If your name is really Zebulon Zoom, you have a very cool name — a good sign in the open-source world, where names like Linus and Guido are really popular. I figure the only reason I’m not famous is my name is too boring. I’m thinking about switching to a dolphin name or something. (Hi, my name is “Andy Squeeeeeeek! Click Click Harris.”)

Relational databases solve this problem by forcing each record to be the same length. Just for the sake of argument, imagine that every record takes exactly 100 bytes. You would then be able to figure out where each record is on the disk by multiplying the length of each record by the desired record’s index. (Record 0 would be at byte 0, record 1 is at 100, record 342 is at 34200, and so on.) This mechanism allows the computer to keep track of where all the records are and jump immediately to a specific record, even if hundreds or thousands of records are in the system.

My description here is actually a major simplification of what’s going on, but the foundation is correct. You should really investigate more sophisticated database and data structures classes or books if you want more information. It’s pretty cool stuff.

The length of the record is important because the data types of a record’s fields determine its size. Numeric data (integers and floating-point values) have a fixed size in the computer’s memory. Strings (as used in other programming languages) typically have dynamic length. That is, the amount of memory used depends on the length of the text. In a database application, you rarely have dynamic length text. Instead, you generally determine the number of characters for each text field.


Defining a primary key

When you turn the contact data into an actual database, you generally add one more important field. Each table should have one field that acts as a primary key. A primary key is a special field that’s

♦ Unique: You can’t have two records in a table with the same primary key.

♦ Guaranteed: Every record in the table has a value in the primary key.

Primary key fields are often (though not always) integers because you can easily build a system for generating a new unique value. (Find the largest key in the current database and add one.)

In this book, each table has a primary key. They are usually numeric and are usually the first field in a record definition.
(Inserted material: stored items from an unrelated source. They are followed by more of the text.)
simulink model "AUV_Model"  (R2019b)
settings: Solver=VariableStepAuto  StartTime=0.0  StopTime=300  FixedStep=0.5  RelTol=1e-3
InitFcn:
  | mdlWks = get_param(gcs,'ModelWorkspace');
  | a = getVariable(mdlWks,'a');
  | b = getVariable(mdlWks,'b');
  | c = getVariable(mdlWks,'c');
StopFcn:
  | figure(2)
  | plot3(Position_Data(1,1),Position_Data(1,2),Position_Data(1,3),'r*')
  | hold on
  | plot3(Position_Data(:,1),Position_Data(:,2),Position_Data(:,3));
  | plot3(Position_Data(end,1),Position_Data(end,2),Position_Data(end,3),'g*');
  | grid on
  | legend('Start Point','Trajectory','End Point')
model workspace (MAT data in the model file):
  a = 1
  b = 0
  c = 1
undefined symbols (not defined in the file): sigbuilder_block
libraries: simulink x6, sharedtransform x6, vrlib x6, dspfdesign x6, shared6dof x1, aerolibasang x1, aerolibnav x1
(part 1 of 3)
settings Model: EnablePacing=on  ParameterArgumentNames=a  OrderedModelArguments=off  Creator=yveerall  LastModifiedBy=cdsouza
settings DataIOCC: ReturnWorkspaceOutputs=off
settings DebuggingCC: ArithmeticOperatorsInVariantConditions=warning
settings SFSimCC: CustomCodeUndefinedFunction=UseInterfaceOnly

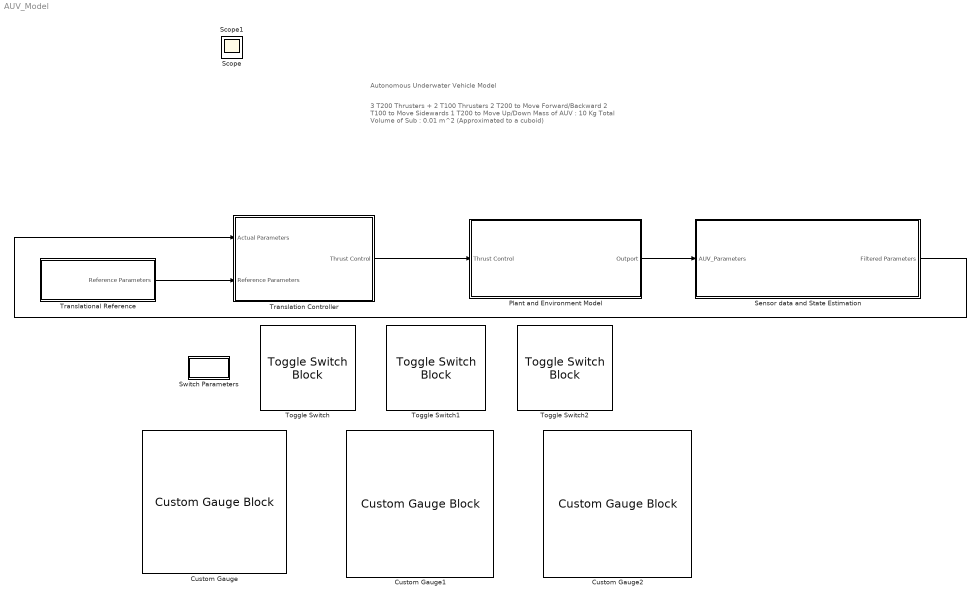
== system AUV_Model ==
  note: Autonomous Underwater Vehicle Model
  note: 3 T200 Thrusters + 2 T100 Thrusters
      |
      | 2 T200 to Move Forward/Backward
      | 2 T100 to Move Sidewards
      | 1 T200 to Move Up/Down
      |
      | Mass of AUV : 10 Kg
      | Total Volume of Sub : 0.01 m^2 (Approximated to a cuboid)
  " Translation Controller" : Subsystem  Variant=on
  Custom Gauge : CustomGaugeBlock  NeedleImage=data:image/svg+xml;base64,PD94bWwgdmVyc2lvbj0iMS4wIiBlbmNvZGluZz0idXRmLTgiPz4KPCEtLSBHZW5lcmF0b3I6IEFkb2JlIElsbHVzdHJhdG9yIDE5LjIuMSwgU1ZHIEV4cG9ydCBQbHVnLUluIC4gU1ZHIFZlcnNpb246IDYuMDAgQnVpbGQgMCkgIC0tPgo8c3ZnIHZlcnNpb249IjEuMSIgeG1sbnM9Imh0dHA6Ly93d3cudzMub3JnLzIwMDAvc3ZnIiB4bWxuczp4bGluaz0iaHR0cDovL3d3dy53My5vcmcvMTk5OS94bGluayIgeD0iMHB4IiB5PSIwcHgiCgkgdmlld0JveD0iMCAwIDIwMCA1MCIgc3R5bGU9ImVuYWJsZS1iYWNrZ3JvdW5kOm5ldyAw ...(+9940 chars)  NeedleXPos=0.38265380737030785  NeedleYPos=0.4815540899511936  NeedleHeight=0.11367340007583818  NeedleWidth=0.1872685327639379  NeedleInitialRotation=-59.94322499147643  BackgroundImage=data:image/svg+xml;base64,PD94bWwgdmVyc2lvbj0iMS4wIiBlbmNvZGluZz0iVVRGLTgiIHN0YW5kYWxvbmU9Im5vIj8+CjwhLS0gR2VuZXJhdG9yOiBBZG9iZSBJbGx1c3RyYXRvciAxOS4yLjEsIFNWRyBFeHBvcnQgUGx1Zy1JbiAuIFNWRyBWZXJzaW9uOiA2LjAwIEJ1aWxkIDApICAtLT4KCjxzdmcKICAgeG1sbnM6ZGM9Imh0dHA6Ly9wdXJsLm9yZy9kYy9lbGVtZW50cy8xLjEvIgogICB4bWxuczpjYz0iaHR0cDovL2NyZWF0aXZlY29tbW9ucy5vcmcvbnMjIgogICB4bWxuczpyZGY9Imh0dHA6Ly93d3cudzMub3JnLzE5OTkvMDIvMjItcmRmLXN5bnRh ...(+9660 chars)  GaugeMin=-1  GaugeMax=+1  GaugeArcDefined=true  GaugeArcRadius=0.13310683978787397  GaugeArcStrokeWidth=0.03892557816851485  GaugeArcRotation=240.5385250290321  GaugeArcRatio=0.8333333333333  GaugeArcTransparency=0  ValueArcColor=#1759b0  GaugeTickColor=#faf5c8  ScaleColorsJSON=[]  fixedAspectRatio=on  IsLinearGauge=false  GaugeTrackLeft=0.35  GaugeTrackTop=0.35  GaugeTrackHeight=0.1  GaugeTrackWidth=0.3  GaugeTrackRotation=0  ScaleMin=-1
  Custom Gauge1 : CustomGaugeBlock  NeedleImage=data:image/svg+xml;base64,PD94bWwgdmVyc2lvbj0iMS4wIiBlbmNvZGluZz0idXRmLTgiPz4KPCEtLSBHZW5lcmF0b3I6IEFkb2JlIElsbHVzdHJhdG9yIDE5LjIuMSwgU1ZHIEV4cG9ydCBQbHVnLUluIC4gU1ZHIFZlcnNpb246IDYuMDAgQnVpbGQgMCkgIC0tPgo8c3ZnIHZlcnNpb249IjEuMSIgeG1sbnM9Imh0dHA6Ly93d3cudzMub3JnLzIwMDAvc3ZnIiB4bWxuczp4bGluaz0iaHR0cDovL3d3dy53My5vcmcvMTk5OS94bGluayIgeD0iMHB4IiB5PSIwcHgiCgkgdmlld0JveD0iMCAwIDIwMCA1MCIgc3R5bGU9ImVuYWJsZS1iYWNrZ3JvdW5kOm5ldyAw ...(+9940 chars)  NeedleXPos=0.3840747354172573  NeedleYPos=0.48177744880376894  NeedleHeight=0.11229694534185655  NeedleWidth=0.18500092522975004  NeedleInitialRotation=-59.94322499147643  BackgroundImage=data:image/svg+xml;base64,PD94bWwgdmVyc2lvbj0iMS4wIiBlbmNvZGluZz0iVVRGLTgiIHN0YW5kYWxvbmU9Im5vIj8+CjwhLS0gR2VuZXJhdG9yOiBBZG9iZSBJbGx1c3RyYXRvciAxOS4yLjEsIFNWRyBFeHBvcnQgUGx1Zy1JbiAuIFNWRyBWZXJzaW9uOiA2LjAwIEJ1aWxkIDApICAtLT4KCjxzdmcKICAgeG1sbnM6ZGM9Imh0dHA6Ly9wdXJsLm9yZy9kYy9lbGVtZW50cy8xLjEvIgogICB4bWxuczpjYz0iaHR0cDovL2NyZWF0aXZlY29tbW9ucy5vcmcvbnMjIgogICB4bWxuczpyZGY9Imh0dHA6Ly93d3cudzMub3JnLzE5OTkvMDIvMjItcmRmLXN5bnRh ...(+9660 chars)  GaugeMin=-1  GaugeMax=+1  GaugeArcDefined=true  GaugeArcRadius=0.13149506834768554  GaugeArcStrokeWidth=0.03845423398150822  GaugeArcRotation=240.5385250290321  GaugeArcRatio=0.8333333333333  GaugeArcTransparency=0  ValueArcColor=#1759b0  GaugeTickColor=#faf5c8  ScaleColorsJSON=[]  fixedAspectRatio=on  IsLinearGauge=false  GaugeTrackLeft=0.35  GaugeTrackTop=0.35  GaugeTrackHeight=0.1  GaugeTrackWidth=0.3  GaugeTrackRotation=0  ScaleMin=-1
  Custom Gauge2 : CustomGaugeBlock  NeedleImage=data:image/svg+xml;base64,PD94bWwgdmVyc2lvbj0iMS4wIiBlbmNvZGluZz0idXRmLTgiPz4KPCEtLSBHZW5lcmF0b3I6IEFkb2JlIElsbHVzdHJhdG9yIDE5LjIuMSwgU1ZHIEV4cG9ydCBQbHVnLUluIC4gU1ZHIFZlcnNpb246IDYuMDAgQnVpbGQgMCkgIC0tPgo8c3ZnIHZlcnNpb249IjEuMSIgeG1sbnM9Imh0dHA6Ly93d3cudzMub3JnLzIwMDAvc3ZnIiB4bWxuczp4bGluaz0iaHR0cDovL3d3dy53My5vcmcvMTk5OS94bGluayIgeD0iMHB4IiB5PSIwcHgiCgkgdmlld0JveD0iMCAwIDIwMCA1MCIgc3R5bGU9ImVuYWJsZS1iYWNrZ3JvdW5kOm5ldyAw ...(+9940 chars)  NeedleXPos=0.3870364203843521  NeedleYPos=0.48224300267707054  NeedleHeight=0.10942795749812154  NeedleWidth=0.18027447960873946  NeedleInitialRotation=-59.94322499147643  BackgroundImage=data:image/svg+xml;base64,PD94bWwgdmVyc2lvbj0iMS4wIiBlbmNvZGluZz0iVVRGLTgiIHN0YW5kYWxvbmU9Im5vIj8+CjwhLS0gR2VuZXJhdG9yOiBBZG9iZSBJbGx1c3RyYXRvciAxOS4yLjEsIFNWRyBFeHBvcnQgUGx1Zy1JbiAuIFNWRyBWZXJzaW9uOiA2LjAwIEJ1aWxkIDApICAtLT4KCjxzdmcKICAgeG1sbnM6ZGM9Imh0dHA6Ly9wdXJsLm9yZy9kYy9lbGVtZW50cy8xLjEvIgogICB4bWxuczpjYz0iaHR0cDovL2NyZWF0aXZlY29tbW9ucy5vcmcvbnMjIgogICB4bWxuczpyZGY9Imh0dHA6Ly93d3cudzMub3JnLzE5OTkvMDIvMjItcmRmLXN5bnRh ...(+9660 chars)  GaugeMin=-1  GaugeMax=+1  GaugeArcDefined=true  GaugeArcRadius=0.12813560250066575  GaugeArcStrokeWidth=0.03747179648512543  GaugeArcRotation=240.5385250290321  GaugeArcRatio=0.8333333333333  GaugeArcTransparency=0  ValueArcColor=#1759b0  GaugeTickColor=#faf5c8  ScaleColorsJSON=[]  fixedAspectRatio=on  IsLinearGauge=false  GaugeTrackLeft=0.35  GaugeTrackTop=0.35  GaugeTrackHeight=0.1  GaugeTrackWidth=0.3  GaugeTrackRotation=0  ScaleMin=-1
  Plant and Environment Model : Subsystem
  Sensor data and State Estimation : Subsystem  Variant=on
  Switch Parameters : Subsystem
      mask Display: text(0.5, 0.5, 'Switch Parameters', 'horizontalAlignment', 'center')
  Toggle Switch : ToggleSwitchBlock
      settings: Values={{'Velocity Control', 'Position Control'}, [1 0]}
  Toggle Switch1 : ToggleSwitchBlock
      settings: Values={{'Low Fidelity Simulation', 'High Fidelity Simulation'}, [0 1]}
  Toggle Switch2 : ToggleSwitchBlock
      settings: Values={{'System with Noise', 'System without Noise'}, [0 1]}
  Translational Reference : Subsystem
  Scope : Scope
  Scope1 : Scope
  wires:
  Translational Reference/1(Reference Parameters) -> " Translation Controller"/2(Reference Parameters)
  " Translation Controller"/1(Thrust Control) -> Plant and Environment Model/1(Thrust Control)
  Plant and Environment Model/1(Outport) -> Sensor data and State Estimation/1(AUV_Parameters)
  Sensor data and State Estimation/1(Filtered Parameters) -> " Translation Controller"/1(Actual Parameters)

I also end each key field with the letters ID to help me remember it’s a primary key.

Primary keys are useful because they allow the database system to keep a Table of Contents for quick access to the table. When you build multitable data structures, you can see how you can use keys to link tables together.


Defining the table structure

When you want to build a table, you begin with a definition of the structure of the table. What are the field names? What is each field’s type? If it’s text, how many characters will you specify?

The definition for the e-mail contacts table may look like this:

Field Name

Type

Length (Bytes)

ContactID

INTEGER

11

Name

VARCHAR

50

Company

VARCHAR

30

E-mail

VARCHAR

50

Look over the table definition, and you’ll notice some important ideas:

♦ There’s now a contactID field. This field serves as the primary key. It’s an INTEGER field.

♦ INTEGERs are automatically assigned a length. It isn’t necessary to specify the size of an INTEGER field (as all INTEGERs are exactly 11 bytes long in MySQL).

♦ The text fields are all VARCHARs. This particular table consists of a lot of text. The text fields are all stored as VARCHAR types.

♦ Each VARCHAR has a specified length. Figuring out the best length can be something of an art form. If you make the field too short, you aren’t able to squeeze in all the data you want. If you make it too long, you waste space.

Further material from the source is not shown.